# Quilters, I found a site



## giraffe_baby (Oct 15, 2005)

that gives out lots of free patterns for quilts, lots of "scrappy" type ! But worth the look!

http://quiltville.com/index.html


----------



## MTgirl (Dec 7, 2007)

Excellent! Thank you so much!


----------



## homefire2007 (Sep 21, 2007)

Thank You!! I love the 'out on a string' quilt!


----------



## QuiltingLady2 (Jan 3, 2007)

Thank you! Always looking for new ideas and place to quilt visit.


----------



## bopeep (Apr 2, 2007)

Great Site!!!
Thanks for Sharing !!!!!
bopeep


----------



## Nan (May 13, 2002)

Wow...just WOW! She had some great tips on piecing diamond shapes! Thanks for posting that! I put it to favorites! I have plenty of small scraps that need to be used up and those scrapy quilts are darling!


----------



## AngieM2 (May 10, 2002)

I really like that "Out on a String" quilt also. 

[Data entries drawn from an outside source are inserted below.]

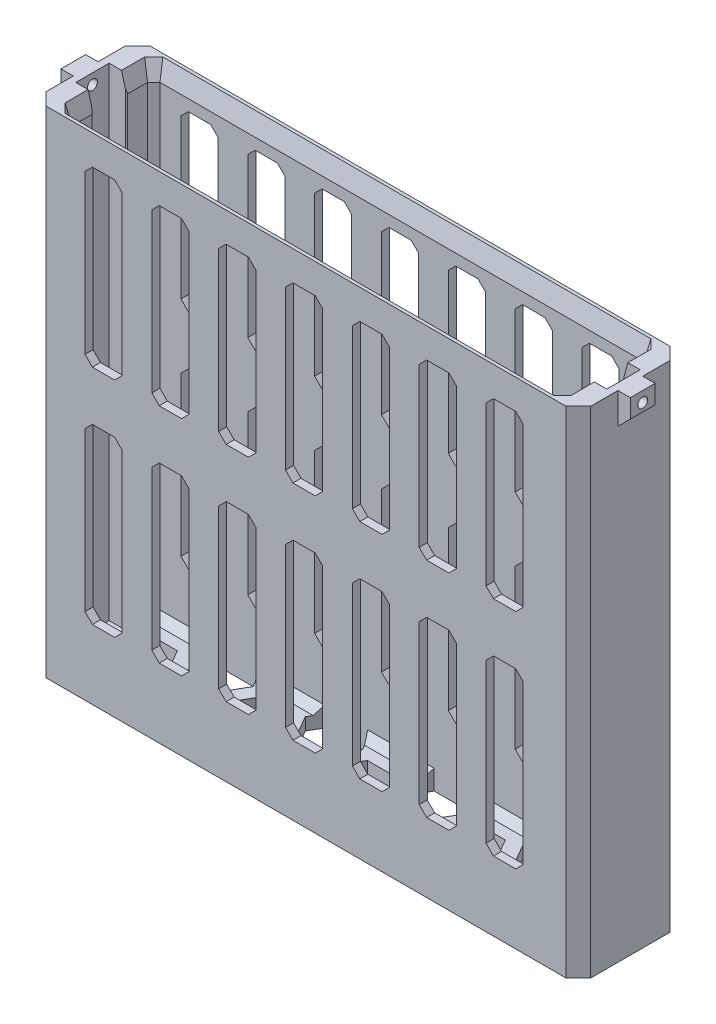
SolidWorks part; units mm, degrees
ref_plane "Front Plane" through (0, 0, 0) normal (0, 0, 1) x (1, 0, 0)
ref_plane "Top Plane" through (0, 0, 0) normal (0, 1, 0) x (1, 0, 0)
ref_plane "Right Plane" through (0, 0, 0) normal (1, 0, 0) x (0, 0, -1)
sketch "Sketch1" plane through (0, 0, 0) normal (0, 1, 0) x (1, 0, 0)
  line L0 (-100.25, -6.75) -> (-100.25, -15.25)
  line L1 (110, 21) -> (-110, 21)
  line L2 (110, 21) -> (110, -21)
  line L3 (110, -21) -> (-110, -21)
  line L4 (-110, 21) -> (-110, -21)
  line L5 (110, 21) -> (-110, -21) construction
  line L6 (110, -21) -> (-110, 21) construction
  line L7 (-97.75, 17.75) -> (97.75, 17.75)
  line L8 (-100.25, 15.25) -> (-100.25, 6.75)
  line L9 (-97.75, -17.75) -> (97.75, -17.75)
  line L10 (100.25, 15.25) -> (100.25, 6.75)
  line L11 (-100.25, 17.75) -> (100.25, -17.75) construction
  line L12 (-100.25, -17.75) -> (100.25, 17.75) construction
  line L13 (-107.25, 6.75) -> (-100.25, 6.75)
  line L14 (-107.25, 6.75) -> (-107.25, -6.75)
  line L15 (-107.25, -6.75) -> (-100.25, -6.75)
  line L17 (100.25, -6.75) -> (100.25, -15.25)
  line L18 (-100.25, 15.25) -> (-97.75, 17.75)
  line L19 (100.25, 6.75) -> (107.25, 6.75)
  line L21 (100.25, -6.75) -> (107.25, -6.75)
  line L22 (107.25, 6.75) -> (107.25, -6.75)
  line L23 (-100.25, -15.25) -> (-97.75, -17.75)
  line L24 (97.75, 17.75) -> (100.25, 15.25)
  line L25 (97.75, -17.75) -> (100.25, -15.25)
  point P0 (0, 0)
  point P5 (0, 0)
  point P11 (-100.25, 0)
  point P12 (-100.25, 0)
  point P17 (100.25, 0)
extrude "Boss-Extrude1" add sketch "Sketch1" along normal blind 200
chamfer "Chamfer1" distance 0.5 angle 45 4 edges at (100.25, 100, 6.75) (100.25, 100, -6.75) (-100.25, 100, 6.75) (-100.25, 100, -6.75)
chamfer "Chamfer2" distance 2 angle 75 10 edges at (100.25, 200, 11.25) (99, 200, 16.5) (0, 200, 17.75) (-99, 200, 16.5) (-100.25, 200, 11.25) (100.25, 200, -11.25) (99, 200, -16.5) (-100.25, 200, -11.25) (-99, 200, -16.5) (0, 200, -17.75) first distance on face at (0, 200, 0)
sketch "Sketch2" plane through (0, 0, 21) normal (0, 0, 1) x (1, 0, 0)
  line L0 (-89.2746, 185.0231) -> (-86.2746, 188.0231)
  line L1 (-86.2746, 188.0231) -> (-77.2746, 188.0231)
  line L2 (-89.2746, 185.0231) -> (-89.2746, 121.0231)
  line L3 (-86.2746, 118.0231) -> (-77.2746, 118.0231)
  line L4 (-74.2746, 185.0231) -> (-74.2746, 121.0231)
  line L5 (-77.2746, 188.0231) -> (-74.2746, 185.0231)
  line L6 (-89.2746, 121.0231) -> (-86.2746, 118.0231)
  line L7 (-77.2746, 118.0231) -> (-74.2746, 121.0231)
  point P0 (-89.2746, 188.0231)
  point P1 (-74.2746, 118.0231)
  point P2 (-89.2746, 118.0231)
  point P3 (-74.2746, 188.0231)
extrude "Cut-Extrude1" cut sketch "Sketch2" against normal up to surface (42 mm away) up to face at (0, 100, -21)
pattern_linear "LPattern1" count 7 spacing 27 along (1, 0, 0) count 2 spacing 90 along (0, -1, 0) of "Cut-Extrude1"
sketch "Sketch3" plane through (110, 0, 0) normal (1, 0, 0) x (0, 0, -1)
  line L0 (-21, 200) -> (21, 200) construction
  line L2 (-5, 200) -> (-5, 187.5)
  line L3 (-5, 187.5) -> (5, 187.5)
  line L4 (5, 200) -> (5, 187.5)
  line L5 (0, 200) -> (5, 187.5) construction
  line L6 (-5, 187.5) -> (0, 200) construction
  line L7 (-5, 200) -> (5, 200)
  point P0 (0, 200)
extrude "Boss-Extrude2" add sketch "Sketch3" along normal blind 5
sketch "Sketch4" plane through (115, 0, 0) normal (1, 0, 0) x (0, 0, -1)
  circle A0 centre (0, 195.7831) radius 2
extrude "Cut-Extrude2" cut sketch "Sketch4" against normal blind 10
chamfer "Chamfer3" distance 5 angle 45 1 edges at (115, 187.5, 0)
mirror "Mirror1" about plane through (0, 0, 0) normal (1, 0, 0) of "Boss-Extrude2", "Chamfer3", "Cut-Extrude2"
chamfer "Chamfer4" distance 5 angle 45 4 edges at (110, 100, 21) (110, 100, -21) (-110, 100, -21) (-110, 100, 21)
sketch "Sketch5" plane through (0, 0, 0) normal (0, -1, 0) x (1, 0, 0)
  line L13 (110, -16) -> (110, 16)
  line L14 (110, 16) -> (105, 21)
  line L15 (105, 21) -> (-105, 21)
  line L16 (-105, 21) -> (-110, 16)
  line L17 (-110, 16) -> (-110, -16)
  line L18 (-110, -16) -> (-105, -21)
  line L19 (-105, -21) -> (105, -21)
  line L20 (105, -21) -> (110, -16)
  line L21 (110, -16) -> (110, 16)
  line L22 (110, 16) -> (105, 21)
  line L23 (105, 21) -> (-105, 21)
  line L24 (-105, 21) -> (-110, 16)
  line L25 (-110, 16) -> (-110, -16)
  line L26 (-110, -16) -> (-105, -21)
  line L27 (-105, -21) -> (105, -21)
  line L28 (105, -21) -> (110, -16)
  point P0 (0, 0)
  dimension "D1" = 0
extrude "Boss-Extrude3" add sketch "Sketch5" against normal blind 5
sketch "Sketch7" plane through (0, 5, 0) normal (0, 1, 0) x (1, 0, 0)
  line L1 (-55.1053, 12.75) -> (-57.9921, 17.75)
  line L3 (-77.189, 0) -> (-82.9625, 10)
  line L4 (-82.9625, 10) -> (-94.5095, 10)
  line L5 (-94.5095, 10) -> (-100.283, 0)
  line L6 (-100.283, 0) -> (-94.5095, -10)
  line L7 (-94.5095, -10) -> (-82.9625, -10)
  line L8 (-82.9625, -10) -> (-77.189, 0)
  line L10 (-75.3126, 17.75) -> (-78.1993, 12.75)
  line L11 (-78.1993, 12.75) -> (-72.4258, 2.75)
  line L12 (-72.4258, 2.75) -> (-60.8788, 2.75)
  line L13 (-60.8788, 2.75) -> (-55.1053, 12.75)
  line L14 (-33.0217, 0) -> (-38.7952, 10)
  line L15 (-38.7952, 10) -> (-50.3422, 10)
  line L16 (-50.3422, 10) -> (-56.1157, 0)
  line L17 (-56.1157, 0) -> (-50.3422, -10)
  line L18 (-50.3422, -10) -> (-38.7952, -10)
  line L19 (-38.7952, -10) -> (-33.0217, 0)
  line L20 (-55.1053, -12.75) -> (-60.8788, -2.75)
  line L21 (-60.8788, -2.75) -> (-72.4258, -2.75)
  line L22 (-72.4258, -2.75) -> (-78.1993, -12.75)
  line L23 (-78.1993, -12.75) -> (-75.3126, -17.75)
  line L25 (-57.9921, -17.75) -> (-55.1053, -12.75)
  line L26 (-77.189, 0) -> (-55.1053, 12.75) construction
  line L28 (-75.3126, 17.75) -> (-57.9921, 17.75)
  line L29 (-57.9921, -17.75) -> (-75.3126, -17.75)
  line L30 (-97.75, 17.75) -> (97.75, 17.75) construction
  line L31 (-60.8788, 22.75) -> (-72.4258, 22.75) [skipped]
  line L32 (-72.4258, -22.75) -> (-60.8788, -22.75) [skipped]
  arc A0 (-97.3962, -5) -> (-80.0757, -5) centre (-88.736, 0) ccw construction
  arc A1 (-80.0757, 5) -> (-97.3962, 5) centre (-88.736, 0) ccw construction
  dimension "D1" = 2
  dimension "D3" = 25.5
  dimension "D2" = 2
extrude "Cut-Extrude3" cut sketch "Sketch7" against normal blind 5
pattern_linear "LPattern2" count 4 spacing 44.15 along (1, 0, 0) of "Cut-Extrude3"
chamfer "Chamfer5" distance 3 angle 45 10 edges at (86.104, 5, 17.75) (86.104, 5, -17.75) (43.7227, 5, -17.75) (43.7227, 5, 17.75) (-0.4273, 5, 17.75) (-44.5773, 5, 17.75) (-86.5313, 5, 17.75) (-86.5313, 5, -17.75) (-0.4273, 5, -17.75) (-44.5773, 5, -17.75)
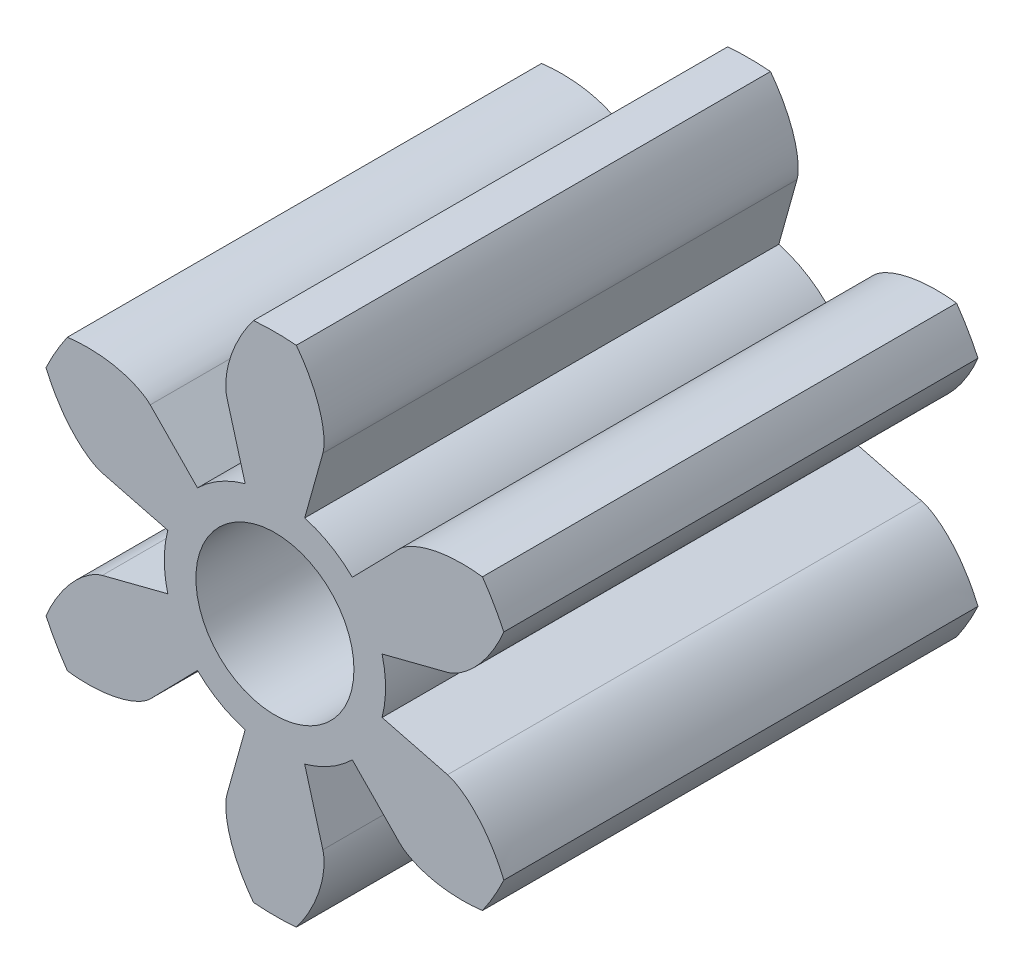
SolidWorks part; units mm, degrees
ref_plane "前视基准面" through (0, 0, 0) normal (0, 0, 1) x (1, 0, 0)
ref_plane "上视基准面" through (0, 0, 0) normal (0, 1, 0) x (1, 0, 0)
ref_plane "右视基准面" through (0, 0, 0) normal (1, 0, 0) x (0, 0, -1)
other "Configuration Table"
sketch "草图1" plane through (0, 0, 0) normal (0, 0, 1) x (1, 0, 0)
  line L0 (0, 0) -> (1.2, 0) construction
  line L1 (0, 0) -> (1.1591, 0.3106) construction
  line L2 (0, 0) -> (1.0922, 0.2804)
  line L3 (1.1591, 0.3106) -> (1.1591, -0.3106) construction
  line L4 (0, 0) -> (1.0922, -0.2804)
  circle A0 centre (0, 0) radius 1.6
  circle A1 centre (0, 0) radius 1.2 construction
  circle A2 centre (0, 0) radius 0.7
  circle A3 centre (0, 0) radius 1.1276 construction
  circle A4 centre (0, 0) radius 0.5
  spline S0 degree 4 poles (1.0922, 0.2804) (1.1005, 0.2825) (1.1233, 0.2902) (1.1642, 0.3116) (1.2251, 0.355) (1.2944, 0.4229) (1.3701, 0.5218) (1.4405, 0.6499) (1.4968, 0.8001) (1.5346, 0.9688) (1.5512, 1.1408) (1.5483, 1.3135) (1.5263, 1.4934) (1.476, 1.7121) (1.3831, 1.9634) (1.2333, 2.2367) (1.0225, 2.5109) (0.7738, 2.7518) (0.4963, 2.957) (0.1928, 3.1247) (-0.1252, 3.2551) (-0.4618, 3.3464) (-0.7968, 3.4019) (-1.1526, 3.4175) (-1.4209, 3.4059) (-1.7199, 3.3653) (-1.8885, 3.3305) (-2.0792, 3.2854) (-2.1801, 3.2512) (-2.2647, 3.2261) (-2.2887, 3.2165) (-2.3068, 3.2104) knots 0 0 0 0 0 0.005604 0.015718 0.02996 0.048734 0.068727 0.096889 0.125051 0.153212 0.181374 0.209535 0.237696 0.271429 0.327752 0.384075 0.440398 0.496721 0.553044 0.609367 0.66569 0.722013 0.778336 0.834659 0.890982 0.909091 0.954545 0.977273 0.988636 1 1 1 1 1 construction
  spline S1 degree 4 poles (1.0922, 0.2804) (1.1005, 0.2825) (1.1233, 0.2902) (1.1642, 0.3116) (1.2251, 0.355) (1.2944, 0.4229) (1.3701, 0.5218) (1.4405, 0.6499) (1.4968, 0.8001) (1.5346, 0.9688) (1.5512, 1.1408) (1.5483, 1.3135) (1.5263, 1.4934) (1.476, 1.7121) (1.3831, 1.9634) (1.2333, 2.2367) (1.0225, 2.5109) (0.7738, 2.7518) (0.4963, 2.957) (0.1928, 3.1247) (-0.1252, 3.2551) (-0.4618, 3.3464) (-0.7968, 3.4019) (-1.1526, 3.4175) (-1.4209, 3.4059) (-1.6427, 3.3757) (-1.7453, 3.358) (-1.77, 3.3534) knots 0 0 0 0 0 0.005604 0.015718 0.02996 0.048734 0.068727 0.096889 0.125051 0.153212 0.181374 0.209535 0.237696 0.271429 0.327752 0.384075 0.440398 0.496721 0.553044 0.609367 0.66569 0.722013 0.778336 0.834659 0.890982 0.909091 0.909091 0.909091 0.909091 0.909091
  spline S2 degree 4 poles (1.0922, -0.2804) (1.1005, -0.2825) (1.1233, -0.2902) (1.1642, -0.3116) (1.2251, -0.355) (1.2944, -0.4229) (1.3701, -0.5218) (1.4405, -0.6499) (1.4968, -0.8001) (1.5346, -0.9688) (1.5512, -1.1408) (1.5483, -1.3135) (1.5263, -1.4934) (1.476, -1.7121) (1.3831, -1.9634) (1.2333, -2.2367) (1.0225, -2.5109) (0.7738, -2.7518) (0.4963, -2.957) (0.1928, -3.1247) (-0.1252, -3.2551) (-0.4618, -3.3464) (-0.7968, -3.4019) (-1.1526, -3.4175) (-1.4209, -3.4059) (-1.7199, -3.3653) (-1.8885, -3.3305) (-2.0792, -3.2854) (-2.1801, -3.2512) (-2.2647, -3.2261) (-2.2887, -3.2165) (-2.3068, -3.2104) knots 0 0 0 0 0 0.005604 0.015718 0.02996 0.048734 0.068727 0.096889 0.125051 0.153212 0.181374 0.209535 0.237696 0.271429 0.327752 0.384075 0.440398 0.496721 0.553044 0.609367 0.66569 0.722013 0.778336 0.834659 0.890982 0.909091 0.954545 0.977273 0.988636 1 1 1 1 1 construction
  spline S3 degree 4 poles (1.0922, -0.2804) (1.1005, -0.2825) (1.1233, -0.2902) (1.1642, -0.3116) (1.2251, -0.355) (1.2944, -0.4229) (1.3701, -0.5218) (1.4405, -0.6499) (1.4968, -0.8001) (1.5346, -0.9688) (1.5512, -1.1408) (1.5483, -1.3135) (1.5263, -1.4934) (1.476, -1.7121) (1.3831, -1.9634) (1.2333, -2.2367) (1.0225, -2.5109) (0.7738, -2.7518) (0.4963, -2.957) (0.1928, -3.1247) (-0.1252, -3.2551) (-0.4618, -3.3464) (-0.7968, -3.4019) (-1.1526, -3.4175) (-1.4209, -3.4059) (-1.6427, -3.3757) (-1.7453, -3.358) (-1.77, -3.3534) knots 0 0 0 0 0 0.005604 0.015718 0.02996 0.048734 0.068727 0.096889 0.125051 0.153212 0.181374 0.209535 0.237696 0.271429 0.327752 0.384075 0.440398 0.496721 0.553044 0.609367 0.66569 0.722013 0.778336 0.834659 0.890982 0.909091 0.909091 0.909091 0.909091 0.909091
  point P15 (1.1591, 0)
  dimension "齿顶圆直径" = 3.2
  dimension "分度圆直径" = 2.4
  dimension "齿根圆直径" = 1.4
  dimension "基圆直径" = 2.2553
  dimension "内孔直径" = 1
  dimension "渐近线镜像线夹角" = 15
extrude "凸台-拉伸1" add sketch "草图1" along normal blind 3 contours A0 | A4
extrude "切除-拉伸1" cut sketch "草图1<3>" along normal through all contours A2 S3 A0 S1 region at (1.2301, 0, 0)
sketch "草图1<3>" plane through (0, 0, 0) normal (0, 0, 1) x (1, 0, 0) same geometry as "草图1"
pattern_circular "阵列(圆周)1" count 6 every 60 about axis through (0, 0, 3) along (0, 0, 1) of "切除-拉伸1"
equation "\"m\"= 0.4'模数"
equation "\"z\" = 6'齿数"
equation "\"a\"= 20度'压力角"
equation "\"d\"= \"m\" * \"z\"'分度圆直径"
equation "\"da\"= ( \"z\" + 2 ) * \"m\"'齿顶圆直径"
equation "\"df\"= ( \"z\" - 2.5 ) * \"m\"'齿根圆直径"
equation "\"s\"= 0.5 * PI * \"m\"'分度圆齿厚"
equation "\"r\"= 0.38 * \"m\"'齿根圆角"
equation "\"B\"= 0.3 * \"d\"'齿厚"
equation "\"db\"= \"m\" * \"z\" * cos ( \"a\" )'基圆直径"
equation "\"rb\"= \"db\" / 2'基圆半径"
equation "\"齿顶圆直径@草图1\"= \"da\""
equation "\"分度圆直径@草图1\"= \"d\""
equation "\"齿根圆直径@草图1\"= \"df\""
equation "\"基圆直径@草图1\"= \"db\""
equation "\"渐近线镜像线夹角@草图1\"= 360 / 4 / \"z\""
equation "\"h\" = 3'齿轮厚度"
equation "\"ir\"= 1'内孔直径"
equation "\"内孔直径@草图1\"= \"ir\""
equation "\"齿轮厚@凸台-拉伸1\"= \"h\""
equation "\"齿轮夹角@阵列(圆周)1\"= 360 / \"z\""
equation "\"齿数@阵列(圆周)1\"= \"z\""

Very nice site and a great find.

Angie


----------



## homefire2007 (Sep 21, 2007)

Went back to this site this morning......someone please tell me I don't need to start another project!!!! I have almost talked myself into going to the store and buying the two specialty rulers I don't have :help:


----------



## AngieM2 (May 10, 2002)

homefire - you know that if you buy them now (check JoAnn's or Hancock's or Hobby Lobby web pages for percent off coupons) they will not cost more than if you wait and go later!


Angie


----------



## rkintn (Dec 12, 2002)

What an awesome site! Like I NEED new projects LOL! I can't wait to get started


----------



## homefire2007 (Sep 21, 2007)

Angie...I like the way you think :dance:


----------



## giraffe_baby (Oct 15, 2005)

LOL sorry ya'll, just another way to use our stashes up!


----------



## WannabeeFree (Feb 12, 2006)

Or another reason to build our stashes? :shrug:


----------



## huzzyjr (Apr 21, 2005)

Alrighty then, just as soon as I finish a black and white log cabin quilt top, curtain's for mom's room, wallhanging for mom's room I can start on the big star. LOL 
Thank's for the site.
Carol


----------



## sancraft (Jun 7, 2002)

Thanks. There are quite a few that I'd like to try.


----------



## Bits'nBobs (Jul 27, 2007)

Must stop reading these threads. Must stop going to other websites. Must stop reading people's blogs.

I planned on working on a BOM today. But after spending way to much fun time looking at wonderful quilts etc, I don't want to sew now. I just want to keep reading and looking...... :help: 

Giraffe baby, you're to blame!  I also agree:nice string quilt!


----------



## giraffe_baby (Oct 15, 2005)

LOL I will take the blame, but i managed to get 2 blocks made today)


----------



## homefire2007 (Sep 21, 2007)

I started the 'String X' quilt yesterday and it is going very quickly  Course I only started it so I could get rid of all my scraps :angel: It's not really a 'project', more like cleaning and culling my scraps......LOL


----------



## Bits'nBobs (Jul 27, 2007)

homefire2007 said:


> I started the 'String X' quilt yesterday and it is going very quickly  Course I only started it so I could get rid of all my scraps :angel: It's not really a 'project', more like cleaning and culling my scraps......LOL


SSSHHHhhhhhh.................. , so have I! I'll post a picture when I get a complete block done. I used a piece of photocopy paper at first to use as my foundation, but I'm eyeing up an old telephone book as the pages are thinner!

Opps....need to made a BOM right quick!!!Tsk Tsk on me!! :nono: 

This stuff is addicting!


----------



## homefire2007 (Sep 21, 2007)

Bits'nBobs, just between you and me, telephone book paper rocks....who'd a thunk?!!! Never would have occured to me to use it, but I must say it works beautifully. Can't wait to see your pics!


----------



## shar (May 3, 2006)

What a wonderful site, Sister's Choice is calling my name and my sister is going to get the finished quilt for her birthday. Today is major laundry day, and I won't be able to sew until this evening. I just finished a Around the Twist quilt, so this will make a great next project and a way to use up alllllllllllllllll, well maybe some of those scraps.
Thanks for sharing!


----------